I want my children to achieve the best they can and I’ll champion them all the way but I find it insulting when people say things like the text I quoted.

RudestLittleMadam · 13/10/2021 08:15

@ByThePool2021

4dc, one with asd and yes I work full time (funnily enough supporting people with asd). We only get lrc so not entitled to carers allowance. I’d like ds to not use his diagnosis as an excuse of not being able to work when he’s an adult, so I won’t use it either but obviously each family is different and you have to do what’s best for your family
What you’ve said has really pissed me off and I’ve taken it a bit personally.

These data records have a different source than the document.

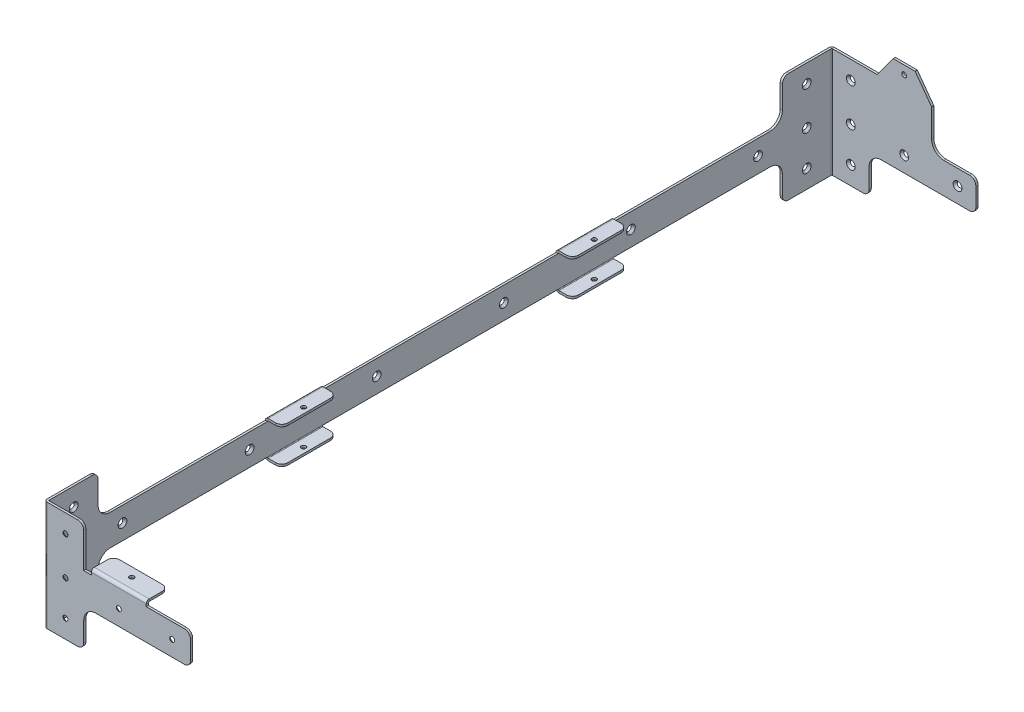
from build123d import *

# Parameters (mm, degrees)
SKETCH1_W                                         = 815.975
SKETCH1_H                                         = 33.147
BASE_FLANGE1_DEPTH                                = 2.286
EDGE_FLANGE2_STRIP_W                              = 10.8712
EDGE_FLANGE2_STRIP_H                              = 2.286
EDGE_FLANGE2_STRIP_CUT_DEPTH                      = 815.975
EDGE_FLANGE2_DEPTH                                = 815.975
EDGE_FLANGE3_STRIP_W                              = 10.8712
EDGE_FLANGE3_STRIP_H                              = 2.286
EDGE_FLANGE3_STRIP_CUT_DEPTH                      = 815.975
EDGE_FLANGE3_DEPTH                                = 815.975
EDGE_FLANGE4_STRIP_W                              = 10.8712
EDGE_FLANGE4_STRIP_H                              = 2.286
EDGE_FLANGE4_STRIP_CUT_DEPTH                      = 32.1818
EDGE_FLANGE4_DEPTH                                = 32.1818
EDGE_FLANGE6_STRIP_W                              = 10.8712
EDGE_FLANGE6_STRIP_H                              = 2.286
EDGE_FLANGE6_STRIP_CUT_DEPTH                      = 32.1818
EDGE_FLANGE6_DEPTH                                = 32.1818
CUT_EXTRUDE1_START                                = -3.0226
SKETCH18_W                                        = 17.145
SKETCH18_H                                        = 227.9015
SKETCH18_H_2                                      = 245.872
CUT_EXTRUDE1_DEPTH                                = 3.0226
CUT_EXTRUDE2_START                                = -3.0226
SKETCH23_W                                        = 17.145
SKETCH23_H                                        = 227.9015
SKETCH23_H_2                                      = 245.872
CUT_EXTRUDE2_DEPTH                                = 3.0226
EDGE_FLANGE7_DEPTH                                = 149.3774
CUT_EXTRUDE4_START                                = -5.4991
SKETCH46_W                                        = 46.1137
SKETCH46_H                                        = 23.01875
CUT_EXTRUDE4_DEPTH                                = 5.4991
SKETCH24_R                                        = 2.38125
CUT_EXTRUDE3_DEPTH                                = 834.161324794
FILLET1_R                                         = 6.35
BOSS_EXTRUDE1_DEPTH                               = 2.286
F_10_CLEARANCE_HOLE1_D                            = 4.9784
CSK_FOR_8_FLAT_HEAD_SOCKET_CAP_SCREW2_A_COUNT     = 2
CSK_FOR_8_FLAT_HEAD_SOCKET_CAP_SCREW2_A_PITCH     = 55.6387
CSK_FOR_8_FLAT_HEAD_SOCKET_CAP_SCRE_2_COUNT       = 2
CSK_FOR_8_FLAT_HEAD_SOCKET_CAP_SCRE_2_PITCH       = 111.2774
CSK_FOR_8_FLAT_HEAD_SOCKET_CAP_SCREW1_D           = 4.3053
CSK_FOR_8_FLAT_HEAD_SOCKET_CAP_SCREW1_DEPTH       = 76.2
CSK_FOR_8_FLAT_HEAD_SOCKET_CAP_SCREW1_CSINK_D     = 9.1186
CSK_FOR_8_FLAT_HEAD_SOCKET_CAP_SCREW1_CSINK_ANGLE = 82
CSK_FOR_8_FLAT_HEAD_SOCKET_CAP_SCREW1_TIP         = 1.293442612
BOSS_EXTRUDE2_DEPTH                               = 42.7101
BOSS_EXTRUDE3_START                               = 39.4081
BOSS_EXTRUDE3_DEPTH                               = 39.4081
CSK_FOR_8_FLAT_HEAD_SOCKET_CAP_SCREW3_A_COUNT     = 2
CSK_FOR_8_FLAT_HEAD_SOCKET_CAP_SCREW3_A_PITCH     = 76.2
CSK_FOR_8_FLAT_HEAD_SOCKET_CAP_SCREW4_A_COUNT     = 2
CSK_FOR_8_FLAT_HEAD_SOCKET_CAP_SCREW4_A_PITCH     = 39.751
CSK_FOR_8_FLAT_HEAD_SOCKET_CAP_SCRE_3_COUNT       = 2
CSK_FOR_8_FLAT_HEAD_SOCKET_CAP_SCRE_3_PITCH       = 76.2
BOSS_EXTRUDE6_START                               = -2.286
BOSS_EXTRUDE6_DEPTH                               = 2.286
FILLET2_R                                         = 6.35
FILLET3_R                                         = 12.7


# Read off the part's stored shape, not the designer's step: Boss-Extrude6
# Sheet-metal steps are written as plain solids
with BuildPart() as part:
    # Sketch1 → Base-Flange1 (new body)
    with BuildSketch(Plane(origin=(0, 0, 0), x_dir=(0, 0, -1), z_dir=(1, 0, 0))):
        with Locations((407.9875, 16.5735)):
            Rectangle(SKETCH1_W, SKETCH1_H)
    extrude(amount=-BASE_FLANGE1_DEPTH)

    # Edge-Flange2 strip (across the edge) → Edge-Flange2 strip cut (cut)
    with BuildSketch(Plane(origin=(0, 33.401, -815.975), x_dir=(0, -1, 0), z_dir=(0, 0, 1))):
        with Locations((-4.699, -1.143)):
            Rectangle(EDGE_FLANGE2_STRIP_W, EDGE_FLANGE2_STRIP_H)
    extrude(amount=EDGE_FLANGE2_STRIP_CUT_DEPTH, mode=Mode.SUBTRACT)

    # Edge-Flange2 section (across the edge) → Edge-Flange2 (add)
    with BuildSketch(Plane(origin=(0, 33.401, -815.975), x_dir=(0, -1, 0), z_dir=(0, 0, 1))):
        with BuildLine():
            Line((-2.286, 0.7366), (-2.286, 14.859))
            Line((-2.286, 14.859), (0, 14.859))
            Line((0, 14.859), (0, 0.7366))
            ThreePointArc((0, 0.7366), (0.215745145, 0.215745145), (0.7366, 0))
            Line((0.7366, 0), (0.7366, -2.286))
            ThreePointArc((0.7366, -2.286), (-1.400700957, -1.400700957), (-2.286, 0.7366))
        make_face()
    extrude(amount=EDGE_FLANGE2_DEPTH)

    # Edge-Flange3 strip (across the edge) → Edge-Flange3 strip cut (cut)
    with BuildSketch(Plane(origin=(0, -0.254, 0), x_dir=(0, 1, 0), z_dir=(0, 0, -1))):
        with Locations((-4.699, -1.143)):
            Rectangle(EDGE_FLANGE3_STRIP_W, EDGE_FLANGE3_STRIP_H)
    extrude(amount=EDGE_FLANGE3_STRIP_CUT_DEPTH, mode=Mode.SUBTRACT)

    # Edge-Flange3 section (across the edge) → Edge-Flange3 (add)
    with BuildSketch(Plane(origin=(0, -0.254, 0), x_dir=(0, 1, 0), z_dir=(0, 0, -1))):
        with BuildLine():
            Line((-2.286, 0.7366), (-2.286, 14.859))
            Line((-2.286, 14.859), (0, 14.859))
            Line((0, 14.859), (0, 0.7366))
            ThreePointArc((0, 0.7366), (0.215745145, 0.215745145), (0.7366, 0))
            Line((0.7366, 0), (0.7366, -2.286))
            ThreePointArc((0.7366, -2.286), (-1.400700957, -1.400700957), (-2.286, 0.7366))
        make_face()
    extrude(amount=EDGE_FLANGE3_DEPTH)

    # Edge-Flange4 strip (across the edge) → Edge-Flange4 strip cut (cut)
    with BuildSketch(Plane(origin=(0, 32.6644, 0.254), x_dir=(0, 0, -1), z_dir=(0, -1, 0))):
        with Locations((-4.699, -1.143)):
            Rectangle(EDGE_FLANGE4_STRIP_W, EDGE_FLANGE4_STRIP_H)
    extrude(amount=EDGE_FLANGE4_STRIP_CUT_DEPTH, mode=Mode.SUBTRACT)

    # Edge-Flange4 section (across the edge) → Edge-Flange4 (add)
    with BuildSketch(Plane(origin=(0, 32.6644, 0.254), x_dir=(0, 0, -1), z_dir=(0, -1, 0))):
        with BuildLine():
            Line((-2.286, 0.7366), (-2.286, 150.114))
            Line((-2.286, 150.114), (0, 150.114))
            Line((0, 150.114), (0, 0.7366))
            ThreePointArc((0, 0.7366), (0.215745145, 0.215745145), (0.7366, 0))
            Line((0.7366, 0), (0.7366, -2.286))
            ThreePointArc((0.7366, -2.286), (-1.400700957, -1.400700957), (-2.286, 0.7366))
        make_face()
    extrude(amount=EDGE_FLANGE4_DEPTH)

    # Edge-Flange6 strip (across the edge) → Edge-Flange6 strip cut (cut)
    with BuildSketch(Plane(origin=(0, 0.4826, -816.229), x_dir=(0, 0, 1), z_dir=(0, 1, 0))):
        with Locations((-4.699, -1.143)):
            Rectangle(EDGE_FLANGE6_STRIP_W, EDGE_FLANGE6_STRIP_H)
    extrude(amount=EDGE_FLANGE6_STRIP_CUT_DEPTH, mode=Mode.SUBTRACT)

    # Edge-Flange6 section (across the edge) → Edge-Flange6 (add)
    with BuildSketch(Plane(origin=(0, 0.4826, -816.229), x_dir=(0, 0, 1), z_dir=(0, 1, 0))):
        with BuildLine():
            Line((-2.286, 0.7366), (-2.286, 150.114))
            Line((-2.286, 150.114), (0, 150.114))
            Line((0, 150.114), (0, 0.7366))
            ThreePointArc((0, 0.7366), (0.215745145, 0.215745145), (0.7366, 0))
            Line((0.7366, 0), (0.7366, -2.286))
            ThreePointArc((0.7366, -2.286), (-1.400700957, -1.400700957), (-2.286, 0.7366))
        make_face()
    extrude(amount=EDGE_FLANGE6_DEPTH)

    # Sketch18 → Cut-Extrude1 (cut)
    with BuildSketch(Plane(origin=(0, 35.687, 0), x_dir=(1, 0, 0), z_dir=(0, 1, 0)).offset(CUT_EXTRUDE1_START)):
        with Locations((6.2865, 702.02425)):
            Rectangle(SKETCH18_W, SKETCH18_H)
        with Locations((6.2865, 407.9875)):
            Rectangle(SKETCH18_W, SKETCH18_H_2)
        with Locations((6.2865, 113.95075)):
            Rectangle(SKETCH18_W, SKETCH18_H)
    extrude(amount=CUT_EXTRUDE1_DEPTH, mode=Mode.SUBTRACT)

    # Sketch23 → Cut-Extrude2 (cut)
    with BuildSketch(Plane.XZ.offset(2.54).offset(CUT_EXTRUDE2_START)):
        with Locations((6.2865, -113.95075)):
            Rectangle(SKETCH23_W, SKETCH23_H)
        with Locations((6.2865, -702.02425)):
            Rectangle(SKETCH23_W, SKETCH23_H)
        with Locations((6.2865, -407.9875)):
            Rectangle(SKETCH23_W, SKETCH23_H_2)
    extrude(amount=CUT_EXTRUDE2_DEPTH, mode=Mode.SUBTRACT)

    # Edge-Flange7 section (across the edge) → Edge-Flange7 (add)
    with BuildSketch(Plane(origin=(0.7366, 35.8775, 0.254), x_dir=(0, -1, 0), z_dir=(1, 0, 0))):
        with BuildLine():
            Line((-2.286, 0.7366), (-2.286, 20.73275))
            Line((-2.286, 20.73275), (0, 20.73275))
            Line((0, 20.73275), (0, 0.7366))
            ThreePointArc((0, 0.7366), (0.215745145, 0.215745145), (0.7366, 0))
            Line((0.7366, 0), (3.2131, 0))
            Line((3.2131, 0), (3.2131, -2.286))
            Line((3.2131, -2.286), (0.7366, -2.286))
            ThreePointArc((0.7366, -2.286), (-1.400700957, -1.400700957), (-2.286, 0.7366))
        make_face()
    extrude(amount=EDGE_FLANGE7_DEPTH)

    # Sketch46 → Cut-Extrude4 (cut)
    with BuildSketch(Plane(origin=(0, 38.1635, 0), x_dir=(1, 0, 0), z_dir=(0, 1, 0)).offset(CUT_EXTRUDE4_START)):
        with Locations((127.05715, 8.969375)):
            Rectangle(SKETCH46_W, SKETCH46_H)
        with Locations((23.79345, 8.969375)):
            Rectangle(SKETCH46_W, SKETCH46_H)
    extrude(amount=CUT_EXTRUDE4_DEPTH, mode=Mode.SUBTRACT)

    # Sketch24 → Cut-Extrude3 (cut, through all)
    with BuildSketch(Plane(origin=(0, 38.1635, 0), x_dir=(1, 0, 0), z_dir=(0, 1, 0))):
        with Locations((9.032875, 256.4765)):
            Circle(SKETCH24_R)
        with Locations((9.032875, 559.4985)):
            Circle(SKETCH24_R)
        with Locations(Location((75.4253, 10.95375, 0), (0, 0, 270))):
            Circle(SKETCH24_R)
    extrude(amount=-CUT_EXTRUDE3_DEPTH, mode=Mode.SUBTRACT)

    # Fillet1
    fillet1_edges = [part.edges().sort_by_distance(p)[0] for p in [
        (150.114, 0.4826, 1.397),
        (150.114, 0.4826, -817.372),
        (150.114, 32.6644, -817.372),
        (14.859, 34.544, -588.0735),
        (14.859, 34.544, -530.9235),
        (14.859, 34.544, -285.0515),
        (14.859, 34.544, -227.9015),
        (14.859, -1.397, -588.0735),
        (14.859, -1.397, -285.0515),
        (14.859, -1.397, -530.9235),
        (14.859, -1.397, -227.9015),
        (104.0003, 37.0205, -20.47875),
        (150.114, 32.6644, 1.397),
        (46.8503, 37.0205, -20.47875),
    ]]
    fillet(fillet1_edges, radius=FILLET1_R)

    # Sketch55 → Boss-Extrude1 (add)
    with BuildSketch(Plane(origin=(0, 0, -818.515), x_dir=(-1, 0, 0), z_dir=(0, 0, -1))):
        Polygon((-104.0003, 32.6644), (-46.8503, 32.6644), (-46.8503, 74.6379), (-63.9953, 98.1329), (-86.8553, 98.1329), (-104.0003, 74.6379), align=None)
    extrude(amount=-BOSS_EXTRUDE1_DEPTH)

    # #10 Clearance Hole1 (through all)
    with Locations(Plane(origin=(0, 0, -818.515), x_dir=(-1, 0, 0), z_dir=(0, 0, -1))):
        with Locations((-75.4253, 89.2429)):
            Hole(F_10_CLEARANCE_HOLE1_D / 2)

    # Sketch60 → CSK for #8 Flat Head Socket Cap Screw2 (revolve, cut)
    with BuildSketch(Plane(origin=(131.064, 16.5735, 0.254), x_dir=(0, 1, 0), z_dir=(1, 0, 0))):
        Polygon((0, 0), (0, 77.493442612), (2.15265, 76.2), (2.15265, 2.768534127), (4.5593, 0), align=None)
    csk_for_8_flat_head_socket_cap_screw2 = revolve(axis=Axis((131.064, 16.5735, -6.096), (0, 0, 1)), mode=Mode.SUBTRACT)

    # CSK for #8 Flat Head Socket Cap Screw2 a: CSK for #8 Flat Head Socket Cap Screw2 ×2
    with Locations(*[(-i * CSK_FOR_8_FLAT_HEAD_SOCKET_CAP_SCREW2_A_PITCH, 0, 0) for i in range(1, CSK_FOR_8_FLAT_HEAD_SOCKET_CAP_SCREW2_A_COUNT)]):
        add(csk_for_8_flat_head_socket_cap_screw2, mode=Mode.SUBTRACT)

    # CSK for _8 Flat Head Socket Cap Scre 2: CSK for #8 Flat Head Socket Cap Screw2 ×2
    with Locations(*[(-i * CSK_FOR_8_FLAT_HEAD_SOCKET_CAP_SCRE_2_PITCH, 0, 0) for i in range(1, CSK_FOR_8_FLAT_HEAD_SOCKET_CAP_SCRE_2_COUNT)]):
        add(csk_for_8_flat_head_socket_cap_screw2, mode=Mode.SUBTRACT)

    # CSK for #8 Flat Head Socket Cap Screw1
    with Locations(Plane(origin=(0, 0, 0), x_dir=(0, 0, -1), z_dir=(1, 0, 0))):
        with Locations((76.6826, 16.5735), (209.20456, 16.5735), (341.72652, 16.5735), (474.24848, 16.5735), (606.77044, 16.5735), (739.2924, 16.5735)):
            CounterSinkHole(CSK_FOR_8_FLAT_HEAD_SOCKET_CAP_SCREW1_D / 2, CSK_FOR_8_FLAT_HEAD_SOCKET_CAP_SCREW1_CSINK_D / 2, depth=CSK_FOR_8_FLAT_HEAD_SOCKET_CAP_SCREW1_DEPTH, counter_sink_angle=CSK_FOR_8_FLAT_HEAD_SOCKET_CAP_SCREW1_CSINK_ANGLE)
            with Locations((0, 0, -(CSK_FOR_8_FLAT_HEAD_SOCKET_CAP_SCREW1_DEPTH + CSK_FOR_8_FLAT_HEAD_SOCKET_CAP_SCREW1_TIP / 2))):  # 118° drill point
                Cone(0, CSK_FOR_8_FLAT_HEAD_SOCKET_CAP_SCREW1_D / 2, CSK_FOR_8_FLAT_HEAD_SOCKET_CAP_SCREW1_TIP, mode=Mode.SUBTRACT)

    # Mirror1: CSK for #8 Flat Head Socket Cap Screw2 across plane
    add(csk_for_8_flat_head_socket_cap_screw2.mirror(Plane(origin=(0, 0, -407.9875), x_dir=(1, 0, 0), z_dir=(0, 0, -1))), mode=Mode.SUBTRACT)

    # Mirror1 copy 1 sketch → Mirror1 copy 1 (revolve, cut)
    with BuildSketch(Plane(origin=(75.4253, 16.5735, -816.229), x_dir=(0, 1, 0), z_dir=(1, 0, 0))):
        Polygon((0, 0), (0, -77.493442612), (2.15265, -76.2), (2.15265, -2.768534127), (4.5593, 0), align=None)
    revolve(axis=Axis((75.4253, 16.5735, -809.879), (0, 0, 1)), mode=Mode.SUBTRACT)

    # Mirror1 copy 2 sketch → Mirror1 copy 2 (revolve, cut)
    with BuildSketch(Plane(origin=(19.7866, 16.5735, -816.229), x_dir=(0, 1, 0), z_dir=(1, 0, 0))):
        Polygon((0, 0), (0, -77.493442612), (2.15265, -76.2), (2.15265, -2.768534127), (4.5593, 0), align=None)
    revolve(axis=Axis((19.7866, 16.5735, -809.879), (0, 0, 1)), mode=Mode.SUBTRACT)

    # Sketch63 → Boss-Extrude2 (add)
    with BuildSketch(Plane(origin=(0, 32.6644, 0), x_dir=(1, 0, 0), z_dir=(0, 1, 0))):
        with BuildLine():
            Line((38.8366, 818.515), (38.8366, 816.229))
            Line((38.8366, 816.229), (0.7366, 816.229))
            ThreePointArc((0.7366, 816.229), (0.215745145, 816.013254855), (0, 815.4924))
            Line((0, 815.4924), (0, 764.6924))
            Line((0, 764.6924), (-2.286, 764.6924))
            Line((-2.286, 764.6924), (-2.286, 815.4924))
            ThreePointArc((-2.286, 815.4924), (-1.400700957, 817.629700957), (0.7366, 818.515))
            Line((0.7366, 818.515), (38.8366, 818.515))
        make_face()
    boss_extrude2 = extrude(amount=BOSS_EXTRUDE2_DEPTH)

    # Sketch64 → Boss-Extrude3 (add)
    with BuildSketch(Plane.XZ.offset(-0.4826).offset(BOSS_EXTRUDE3_START)):
        with BuildLine():
            Line((38.8366, -818.515), (38.8366, -816.229))
            Line((38.8366, -816.229), (0.7366, -816.229))
            ThreePointArc((0.7366, -816.229), (0.215745145, -816.013254855), (0, -815.4924))
            Line((0, -815.4924), (0, -764.6924))
            Line((0, -764.6924), (-2.286, -764.6924))
            Line((-2.286, -764.6924), (-2.286, -815.4924))
            ThreePointArc((-2.286, -815.4924), (-1.400700957, -817.629700957), (0.7366, -818.515))
            Line((0.7366, -818.515), (38.8366, -818.515))
        make_face()
    boss_extrude3 = extrude(amount=-BOSS_EXTRUDE3_DEPTH)

    # Sketch66 → CSK for #8 Flat Head Socket Cap Screw3 (revolve, cut)
    with BuildSketch(Plane(origin=(19.7866, 56.3245, -816.229), x_dir=(0, -1, 0), z_dir=(1, 0, 0))):
        Polygon((0, 0), (0, 77.493442612), (2.15265, 76.2), (2.15265, 2.768534127), (4.5593, 0), align=None)
    csk_for_8_flat_head_socket_cap_screw3 = revolve(axis=Axis((19.7866, 56.3245, -809.879), (0, 0, -1)), mode=Mode.SUBTRACT)

    # CSK for #8 Flat Head Socket Cap Screw3 a: CSK for #8 Flat Head Socket Cap Screw3 ×2
    with Locations(*[(0, -i * CSK_FOR_8_FLAT_HEAD_SOCKET_CAP_SCREW3_A_PITCH, 0) for i in range(1, CSK_FOR_8_FLAT_HEAD_SOCKET_CAP_SCREW3_A_COUNT)]):
        add(csk_for_8_flat_head_socket_cap_screw3, mode=Mode.SUBTRACT)

    # Sketch68 → CSK for #8 Flat Head Socket Cap Screw4 (revolve, cut)
    with BuildSketch(Plane(origin=(0, 56.3245, -790.0924), x_dir=(0, 0, -1), z_dir=(0, 1, 0))):
        Polygon((0, 0), (0, 77.493442612), (2.15265, 76.2), (2.15265, 2.768534127), (4.5593, 0), align=None)
    csk_for_8_flat_head_socket_cap_screw4 = revolve(axis=Axis((6.35, 56.3245, -790.0924), (-1, 0, 0)), mode=Mode.SUBTRACT)

    # CSK for #8 Flat Head Socket Cap Screw4 a: CSK for #8 Flat Head Socket Cap Screw4 ×2
    with Locations(*[(0, -i * CSK_FOR_8_FLAT_HEAD_SOCKET_CAP_SCREW4_A_PITCH, 0) for i in range(1, CSK_FOR_8_FLAT_HEAD_SOCKET_CAP_SCREW4_A_COUNT)]):
        add(csk_for_8_flat_head_socket_cap_screw4, mode=Mode.SUBTRACT)

    # CSK for _8 Flat Head Socket Cap Scre 3: CSK for #8 Flat Head Socket Cap Screw4 ×2
    with Locations(*[(0, -i * CSK_FOR_8_FLAT_HEAD_SOCKET_CAP_SCRE_3_PITCH, 0) for i in range(1, CSK_FOR_8_FLAT_HEAD_SOCKET_CAP_SCRE_3_COUNT)]):
        add(csk_for_8_flat_head_socket_cap_screw4, mode=Mode.SUBTRACT)

    # Mirror2: Boss-Extrude2, Boss-Extrude3, CSK for #8 Flat Head Socket Cap Screw3, CSK for #8 Flat Head Socket Cap Screw4 across plane
    add(boss_extrude2.mirror(Plane(origin=(0, 0, -407.9875), x_dir=(1, 0, 0), z_dir=(0, 0, -1))))
    add(boss_extrude3.mirror(Plane(origin=(0, 0, -407.9875), x_dir=(1, 0, 0), z_dir=(0, 0, -1))))
    add(csk_for_8_flat_head_socket_cap_screw3.mirror(Plane(origin=(0, 0, -407.9875), x_dir=(1, 0, 0), z_dir=(0, 0, -1))), mode=Mode.SUBTRACT)
    add(csk_for_8_flat_head_socket_cap_screw4.mirror(Plane(origin=(0, 0, -407.9875), x_dir=(1, 0, 0), z_dir=(0, 0, -1))), mode=Mode.SUBTRACT)

    # Mirror2 copy 1 sketch → Mirror2 copy 1 (revolve, cut)
    with BuildSketch(Plane(origin=(19.7866, -19.8755, 0.254), x_dir=(0, -1, 0), z_dir=(1, 0, 0))):
        Polygon((0, 0), (0, -77.493442612), (2.15265, -76.2), (2.15265, -2.768534127), (4.5593, 0), align=None)
    revolve(axis=Axis((19.7866, -19.8755, -6.096), (0, 0, -1)), mode=Mode.SUBTRACT)

    # Mirror2 copy 2 sketch → Mirror2 copy 2 (revolve, cut)
    with BuildSketch(Plane(origin=(0, 16.5735, -25.8826), x_dir=(0, 0, 1), z_dir=(0, 1, 0))):
        Polygon((0, 0), (0, -77.493442612), (2.15265, -76.2), (2.15265, -2.768534127), (4.5593, 0), align=None)
    revolve(axis=Axis((6.35, 16.5735, -25.8826), (1, 0, 0)), mode=Mode.SUBTRACT)

    # Mirror2 copy 3 sketch → Mirror2 copy 3 (revolve, cut)
    with BuildSketch(Plane(origin=(0, -19.8755, -25.8826), x_dir=(0, 0, 1), z_dir=(0, 1, 0))):
        Polygon((0, 0), (0, -77.493442612), (2.15265, -76.2), (2.15265, -2.768534127), (4.5593, 0), align=None)
    revolve(axis=Axis((6.35, -19.8755, -25.8826), (1, 0, 0)), mode=Mode.SUBTRACT)

    # Boss-Extrude6 outline → Boss-Extrude6 (add)
    with BuildSketch(Plane(origin=(0, 0, -818.515), x_dir=(-1, 0, 0), z_dir=(0, 0, -1)).offset(BOSS_EXTRUDE6_START)):
        Polygon((-38.8366, 32.6644), (-38.8366, 75.3745), (-47.387818919, 75.3745), (-46.8503, 74.6379), (-46.8503, 32.6644), align=None)
    extrude(amount=BOSS_EXTRUDE6_DEPTH)

    # Fillet2
    fillet2_edges = [part.edges().sort_by_distance(p)[0] for p in [
        (-1.143, 75.3745, -764.6924),
        (38.8366, -38.9255, -817.372),
        (-1.143, -38.9255, -764.6924),
        (38.8366, 75.3745, 1.397),
        (-1.143, 75.3745, -51.2826),
        (-1.143, -38.9255, -51.2826),
        (38.8366, -38.9255, 1.397),
    ]]
    fillet(fillet2_edges, radius=FILLET2_R)

    # Fillet3
    fillet3_edges = [part.edges().sort_by_distance(p)[0] for p in [
        (104.0003, 32.6644, -817.372),
        (-1.143, 32.6644, -764.6924),
        (38.8366, 0.4826, -817.372),
        (-1.143, 0.4826, -764.6924),
        (-1.143, 32.6644, -51.2826),
        (-1.143, 0.4826, -51.2826),
        (38.8366, 0.4826, 1.397),
    ]]
    fillet(fillet3_edges, radius=FILLET3_R)


solid = part.part

I think it’s because I’ve been treated with suspicion by enough people over the years regarding my child’s additional needs affecting my opportunities to work by people who have no fucking clue what it’s like.

To have basically the same sort of judgement from someone in a similar boat who apparently works with those on the spectrum for their job(!) really is a kick in the teeth.

MackenCheese · 13/10/2021 08:25

I was a SAHM when ds was diagnosed with ASD at age 10. He is now at home unable to go to school with high anxiety. Don't give up your work. I now work part time and I've just increased my hours for the extra income and mental respite!

lnsufficientFuns · 13/10/2021 08:45

I don’t work.

I was supposed to go back when he started school but everybody from the paediatrician to his teacher warned me that he wouldn’t cope with staying in at school or somewhere else until 5pm.

He’s now ten and they’re absolutely correct, play dates are not even possible after school. He literally comes home and collapses after a day of being diligent clever sociable and all the rest of it.

At the moment he’s asleep in my bed because he was having anxiety attacks all night about (my😳) death. At times like this I’m very grateful that I can afford to stay home but it’s bloody boring.

Hoping that WFH really takes off as it will be my only chance of ever working while he’s so anxious.